START DATASET EXCERPTS

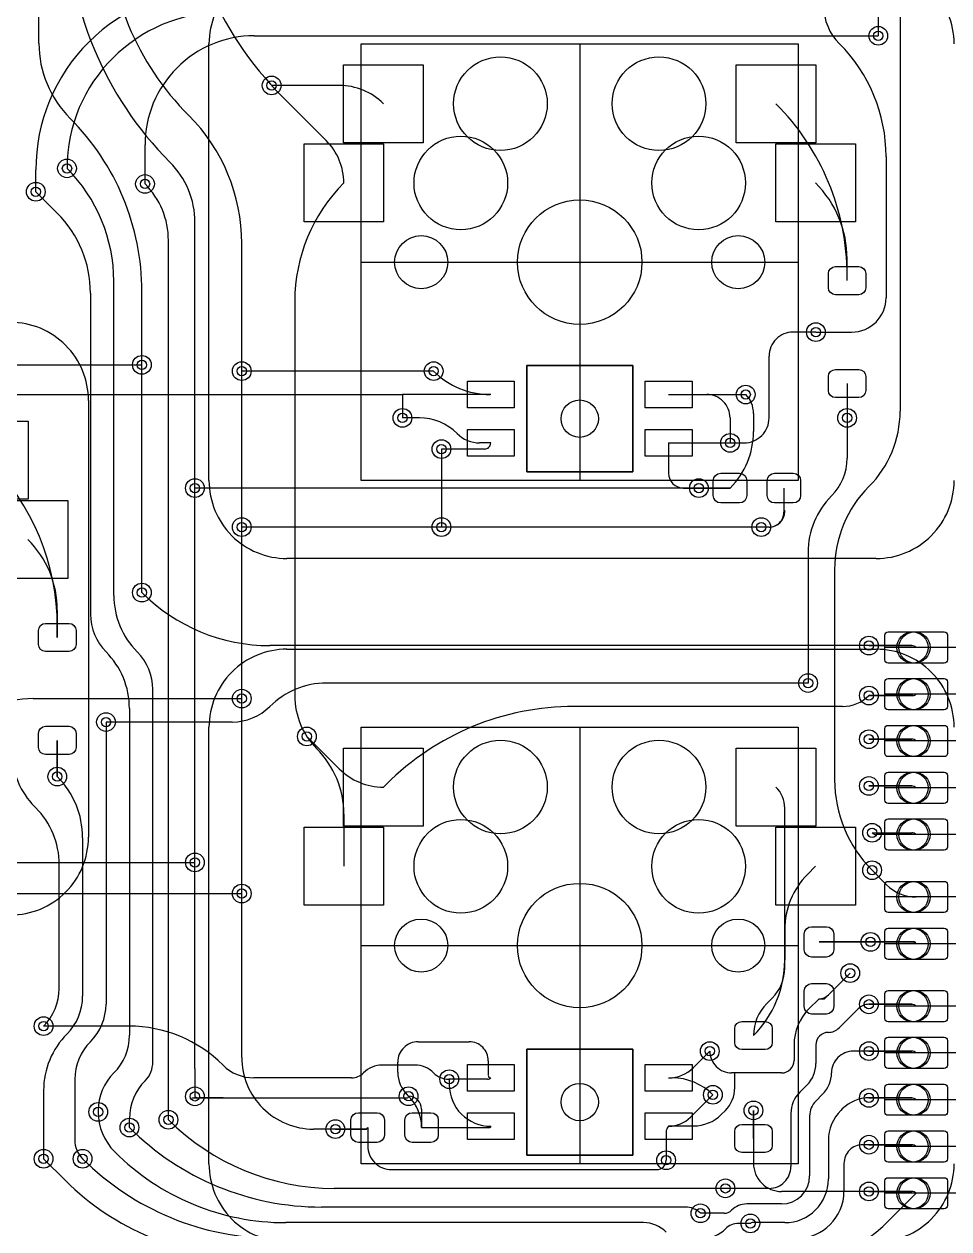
# Model space of a CAD drawing. Header units: millimetres. Extents: x -220 to 263, y -14 to 135.
# Drawn here: x -195.41 to -165.77, y 18.46 to 57.08 of the extents above; entities that cross this region are included whole.
import ezdxf

# ---------------------------------------------------------------- set-up
doc = ezdxf.new("R2010")
doc.units = ezdxf.units.MM
for name, color, linetype, lineweight, true_color in [('livello 1', 18, 'Continuous', 25, 0x000000), ('livello 2', 18, 'Continuous', 25, 0x000000), ('livello 5', 18, 'Continuous', 25, 0x000000), ('livello 9', 18, 'Continuous', 25, 0x000000)]:
    doc.layers.add(name, color=color, linetype=linetype, lineweight=lineweight, true_color=true_color)

msp = doc.modelspace()

# ---------------------------------------------------------------- linework, layer by layer
at = {"layer": 'livello 1', "color": 22, "true_color": 0xc83434, "flags": 128}
for points in [[(-189.232, 58.207, 0.414214), (-195.034, 52.405)], [(-189.034, 57.457, 0.414208), (-194.034, 52.457)], [(-188.034, 56.707, 0.414222), (-191.534, 53.207)], [(-183.893, 54.529, 0.198911), (-185.308, 55.115)], [(-169.034, 49.554, 0.198911), (-170.043, 51.989)], [(-170.767, 47.207, 0.414214), (-171.534, 46.44)], [(-172.334, 43.657, 0.414214), (-171.534, 44.457)], [(-180.653, 43.457, 0.414214), (-180.453, 43.657)], [(-171.534, 40.957, 0.414275), (-171.059, 41.432)], [(-194.345, 38.29, 0.198913), (-195.285, 40.559)], [(-191.634, 38.857, 0.198913), (-187.53, 37.157)], [(-166.821, 37.099, 0.198911), (-166.962, 37.157)], [(-185.723, 35.957, 0.198903), (-187.534, 35.207)], [(-169.179, 35.207, 0.198892), (-168.334, 35.557)], [(-166.922, 35.557, 0.198757), (-166.821, 35.599)], [(-195.12, 35.457, 0.198912), (-197.534, 34.457)], [(-188.741, 34.707, 0.198912), (-187.534, 35.207)], [(-177.784, 35.207, 0.19891), (-183.797, 32.716)], [(-166.821, 34.099, 0.198911), (-166.962, 34.157)], [(-185.312, 33.209, 0.19891), (-183.893, 32.621)], [(-166.821, 32.599, 0.198911), (-166.962, 32.657)], [(-168.234, 31.157, 0.198911), (-168.094, 31.099)], [(-170.304, 29.819, 0.198926), (-171.034, 28.057)], [(-167.768, 29.491, 0.198909), (-166.821, 29.099)], [(-166.821, 27.599, 0.198911), (-166.962, 27.657)], [(-172.034, 24.657, 0.198903), (-171.034, 27.071)], [(-169.934, 25.832, 0.198868), (-169.635, 25.956)], [(-166.821, 25.599, 0.198911), (-166.962, 25.657)], [(-189.034, 23.707, 0.198913), (-192.052, 24.957)], [(-166.821, 24.099, 0.198911), (-166.962, 24.157)], [(-189.034, 23.707, 0.198914), (-188.049, 23.299)], [(-183.93, 23.707, 0.19891), (-184.534, 23.457)], [(-182.284, 23.457, 0.198915), (-182.888, 23.707)], [(-174.753, 23.299, 0.198891), (-173.966, 23.625)], [(-184.915, 23.299, 0.198912), (-184.534, 23.457)], [(-182.284, 23.457, 0.19891), (-181.801, 23.257)], [(-180.554, 23.257, 0.1989), (-180.453, 23.299)], [(-189.934, 22.707, 0.19891), (-189.813, 22.657)], [(-183.14, 22.657, 0.414214), (-183.087, 22.71)], [(-182.672, 22.295, 0.414214), (-183.087, 22.71)], [(-166.821, 22.599, 0.198911), (-166.962, 22.657)], [(-193.034, 22.207, 0.198907), (-192.504, 20.927)], [(-174.753, 21.749, 0.198917), (-174.051, 22.04)], [(-192.034, 21.707, 0.198912), (-185.878, 19.157)], [(-190.784, 21.957, 0.198913), (-185.473, 19.757)], [(-184.446, 21.657, 0.413628), (-184.397, 21.707)], [(-180.495, 21.707, 0.414214), (-180.453, 21.749)], [(-192.504, 20.927, 0.198914), (-187.024, 18.657)], [(-184.397, 21.12, 0.414214), (-183.634, 20.357)], [(-166.821, 21.099, 0.198911), (-166.962, 21.157)], [(-193.534, 20.707, 0.198912), (-187.378, 18.157)], [(-175.134, 20.357, 0.414116), (-174.834, 20.657)], [(-172.034, 20.557, 0.414214), (-171.134, 19.657)], [(-194.083, 20.006, 0.198913), (-188.171, 17.557)], [(-166.821, 19.599, 0.198911), (-166.962, 19.657)], [(-173.734, 18.957, 0.19891), (-174.217, 19.157)], [(-174.834, 18.357, 0.198914), (-175.558, 18.657)], [(-172.51, 18.633, 0.198869), (-172.934, 18.457)], [(-171.734, 17.057, 0.198909), (-167.686, 18.734)], [(-173.658, 18.157, 0.198889), (-172.934, 18.457)]]:
    msp.add_lwpolyline(points, format="xyb", dxfattribs=at)
for points in [[(-188.034, 56.707), (-168.034, 56.707)], [(-182.618, 55.779), (-182.618, 53.279), (-185.168, 53.279), (-185.168, 55.779), (-182.618, 55.779)], [(-185.308, 55.115), (-187.476, 55.115)], [(-191.534, 51.957), (-191.534, 53.207)], [(-168.768, 53.239), (-168.768, 50.739), (-171.318, 50.739), (-171.318, 53.239), (-168.768, 53.239)], [(-195.034, 51.707), (-195.034, 52.405)], [(-169.034, 48.857), (-169.034, 49.554)], [(-168.659, 49.307), (-168.573, 49.29), (-168.5, 49.241), (-168.451, 49.168), (-168.434, 49.082), (-168.434, 48.632), (-168.451, 48.546), (-168.5, 48.473), (-168.573, 48.424), (-168.659, 48.407), (-169.409, 48.407), (-169.495, 48.424), (-169.568, 48.473), (-169.617, 48.546), (-169.634, 48.632), (-169.634, 49.082), (-169.617, 49.168), (-169.568, 49.241), (-169.495, 49.29), (-169.409, 49.307), (-168.659, 49.307)], [(-170.034, 47.207), (-170.767, 47.207)], [(-171.534, 44.457), (-171.534, 46.44)], [(-206.434, 46.157), (-191.634, 46.157)], [(-168.659, 46.007), (-168.573, 45.99), (-168.5, 45.941), (-168.451, 45.868), (-168.434, 45.782), (-168.434, 45.332), (-168.451, 45.246), (-168.5, 45.173), (-168.573, 45.124), (-168.659, 45.107), (-169.409, 45.107), (-169.495, 45.124), (-169.568, 45.173), (-169.617, 45.246), (-169.634, 45.332), (-169.634, 45.782), (-169.617, 45.868), (-169.568, 45.941), (-169.495, 45.99), (-169.409, 46.007), (-168.659, 46.007)], [(-182.284, 45.957), (-188.434, 45.957)], [(-181.203, 44.782), (-181.203, 45.632), (-179.703, 45.632), (-179.703, 44.782), (-181.203, 44.782)], [(-175.503, 44.782), (-175.503, 45.632), (-174.003, 45.632), (-174.003, 44.782), (-175.503, 44.782)], [(-207.034, 45.207), (-183.284, 45.207)], [(-180.453, 45.207), (-183.284, 45.207)], [(-183.284, 45.207), (-183.284, 44.457)], [(-174.753, 45.207), (-172.284, 45.207)], [(-169.034, 45.557), (-169.034, 44.457)], [(-181.203, 43.232), (-181.203, 44.082), (-179.703, 44.082), (-179.703, 43.232), (-181.203, 43.232)], [(-175.503, 43.232), (-175.503, 44.082), (-174.003, 44.082), (-174.003, 43.232), (-175.503, 43.232)], [(-174.753, 43.657), (-172.784, 43.657)], [(-172.784, 43.657), (-172.334, 43.657)], [(-180.653, 43.457), (-182.034, 43.457)], [(-173.322, 42.445), (-173.303, 42.535), (-173.252, 42.612), (-173.175, 42.664), (-173.084, 42.682), (-172.484, 42.682), (-172.393, 42.664), (-172.316, 42.612), (-172.265, 42.535), (-172.246, 42.445), (-172.246, 41.97), (-172.265, 41.879), (-172.316, 41.802), (-172.393, 41.75), (-172.484, 41.732), (-173.084, 41.732), (-173.175, 41.75), (-173.252, 41.802), (-173.303, 41.879), (-173.322, 41.97), (-173.322, 42.445)], [(-171.597, 42.445), (-171.578, 42.535), (-171.527, 42.612), (-171.45, 42.664), (-171.359, 42.682), (-170.759, 42.682), (-170.668, 42.664), (-170.591, 42.612), (-170.54, 42.535), (-170.522, 42.445), (-170.522, 41.97), (-170.54, 41.879), (-170.591, 41.802), (-170.668, 41.75), (-170.759, 41.732), (-171.359, 41.732), (-171.45, 41.75), (-171.527, 41.802), (-171.578, 41.879), (-171.597, 41.97), (-171.597, 42.445)], [(-173.784, 42.207), (-189.934, 42.207)], [(-172.784, 42.207), (-173.784, 42.207)], [(-171.059, 42.207), (-171.059, 41.432)], [(-194.01, 41.809), (-194.01, 39.309), (-196.56, 39.309), (-196.56, 41.809), (-194.01, 41.809)], [(-171.784, 40.957), (-188.434, 40.957)], [(-171.534, 40.957), (-171.784, 40.957)], [(-194.345, 37.419), (-194.345, 38.369)], [(-194.345, 38.29), (-194.345, 37.419)], [(-193.97, 37.869), (-193.884, 37.852), (-193.811, 37.804), (-193.762, 37.731), (-193.745, 37.644), (-193.745, 37.194), (-193.762, 37.108), (-193.811, 37.035), (-193.884, 36.987), (-193.97, 36.969), (-194.72, 36.969), (-194.806, 36.987), (-194.879, 37.035), (-194.928, 37.108), (-194.945, 37.194), (-194.945, 37.644), (-194.928, 37.731), (-194.879, 37.804), (-194.806, 37.852), (-194.72, 37.869), (-193.97, 37.869)], [(-167.821, 37.499), (-167.813, 37.537), (-167.792, 37.57), (-167.759, 37.591), (-167.721, 37.599), (-165.921, 37.599), (-165.883, 37.591), (-165.85, 37.57), (-165.829, 37.537), (-165.821, 37.499), (-165.821, 36.699), (-165.829, 36.661), (-165.85, 36.628), (-165.883, 36.606), (-165.921, 36.599), (-167.721, 36.599), (-167.759, 36.606), (-167.792, 36.628), (-167.813, 36.661), (-167.821, 36.699), (-167.821, 37.499)], [(-168.334, 37.157), (-187.53, 37.157)], [(-166.962, 37.157), (-168.334, 37.157)], [(-170.284, 35.957), (-185.723, 35.957)], [(-167.821, 35.999), (-167.813, 36.037), (-167.792, 36.07), (-167.759, 36.091), (-167.721, 36.099), (-165.921, 36.099), (-165.883, 36.091), (-165.85, 36.07), (-165.829, 36.037), (-165.821, 35.999), (-165.821, 35.199), (-165.829, 35.161), (-165.85, 35.128), (-165.883, 35.106), (-165.921, 35.099), (-167.721, 35.099), (-167.759, 35.106), (-167.792, 35.128), (-167.813, 35.161), (-167.821, 35.199), (-167.821, 35.999)], [(-166.922, 35.557), (-168.334, 35.557)], [(-195.12, 35.457), (-188.434, 35.457)], [(-169.179, 35.207), (-177.784, 35.207)], [(-193.97, 34.569), (-193.884, 34.552), (-193.811, 34.504), (-193.762, 34.431), (-193.745, 34.344), (-193.745, 33.894), (-193.762, 33.808), (-193.811, 33.735), (-193.884, 33.687), (-193.97, 33.669), (-194.72, 33.669), (-194.806, 33.687), (-194.879, 33.735), (-194.928, 33.808), (-194.945, 33.894), (-194.945, 34.344), (-194.928, 34.431), (-194.879, 34.504), (-194.806, 34.552), (-194.72, 34.569), (-193.97, 34.569)], [(-188.741, 34.707), (-192.784, 34.707)], [(-167.821, 34.499), (-167.813, 34.537), (-167.792, 34.57), (-167.759, 34.591), (-167.721, 34.599), (-165.921, 34.599), (-165.883, 34.591), (-165.85, 34.57), (-165.829, 34.537), (-165.821, 34.499), (-165.821, 33.699), (-165.829, 33.661), (-165.85, 33.628), (-165.883, 33.606), (-165.921, 33.599), (-167.721, 33.599), (-167.759, 33.606), (-167.792, 33.628), (-167.813, 33.661), (-167.821, 33.699), (-167.821, 34.499)], [(-194.345, 32.957), (-194.345, 34.119)], [(-185.312, 33.209), (-186.347, 34.244)], [(-166.962, 34.157), (-168.334, 34.157)], [(-182.618, 33.871), (-182.618, 31.371), (-185.168, 31.371), (-185.168, 33.871), (-182.618, 33.871)], [(-167.821, 32.999), (-167.813, 33.037), (-167.792, 33.07), (-167.759, 33.091), (-167.721, 33.099), (-165.921, 33.099), (-165.883, 33.091), (-165.85, 33.07), (-165.829, 33.037), (-165.821, 32.999), (-165.821, 32.199), (-165.829, 32.161), (-165.85, 32.128), (-165.883, 32.106), (-165.921, 32.099), (-167.721, 32.099), (-167.759, 32.106), (-167.792, 32.128), (-167.813, 32.161), (-167.821, 32.199), (-167.821, 32.999)], [(-183.797, 32.716), (-183.893, 32.621)], [(-166.962, 32.657), (-168.334, 32.657)], [(-168.768, 31.331), (-168.768, 28.831), (-171.318, 28.831), (-171.318, 31.331), (-168.768, 31.331)], [(-167.821, 31.499), (-167.813, 31.537), (-167.792, 31.57), (-167.759, 31.591), (-167.721, 31.599), (-165.921, 31.599), (-165.883, 31.591), (-165.85, 31.57), (-165.829, 31.537), (-165.821, 31.499), (-165.821, 30.699), (-165.829, 30.661), (-165.85, 30.628), (-165.883, 30.606), (-165.921, 30.599), (-167.721, 30.599), (-167.759, 30.606), (-167.792, 30.628), (-167.813, 30.661), (-167.821, 30.699), (-167.821, 31.499)], [(-166.821, 31.099), (-168.094, 31.099)], [(-204.534, 30.207), (-189.934, 30.207)], [(-170.043, 30.081), (-170.304, 29.819)], [(-167.768, 29.491), (-168.234, 29.957)], [(-167.821, 29.499), (-167.813, 29.537), (-167.792, 29.57), (-167.759, 29.591), (-167.721, 29.599), (-165.921, 29.599), (-165.883, 29.591), (-165.85, 29.57), (-165.829, 29.537), (-165.821, 29.499), (-165.821, 28.699), (-165.829, 28.661), (-165.85, 28.628), (-165.883, 28.606), (-165.921, 28.599), (-167.721, 28.599), (-167.759, 28.606), (-167.792, 28.628), (-167.813, 28.661), (-167.821, 28.699), (-167.821, 29.499)], [(-204.827, 29.207), (-188.534, 29.207)], [(-188.534, 29.207), (-188.434, 29.207)], [(-171.034, 28.057), (-171.034, 27.071)], [(-169.697, 28.145), (-169.606, 28.126), (-169.529, 28.075), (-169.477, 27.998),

END DATASET EXCERPTS

TASK TO CARRY OUT:
Determine how many lines in the listing above hold "livello". Give the number without any other words.

EXERCISE OUTPUT:
2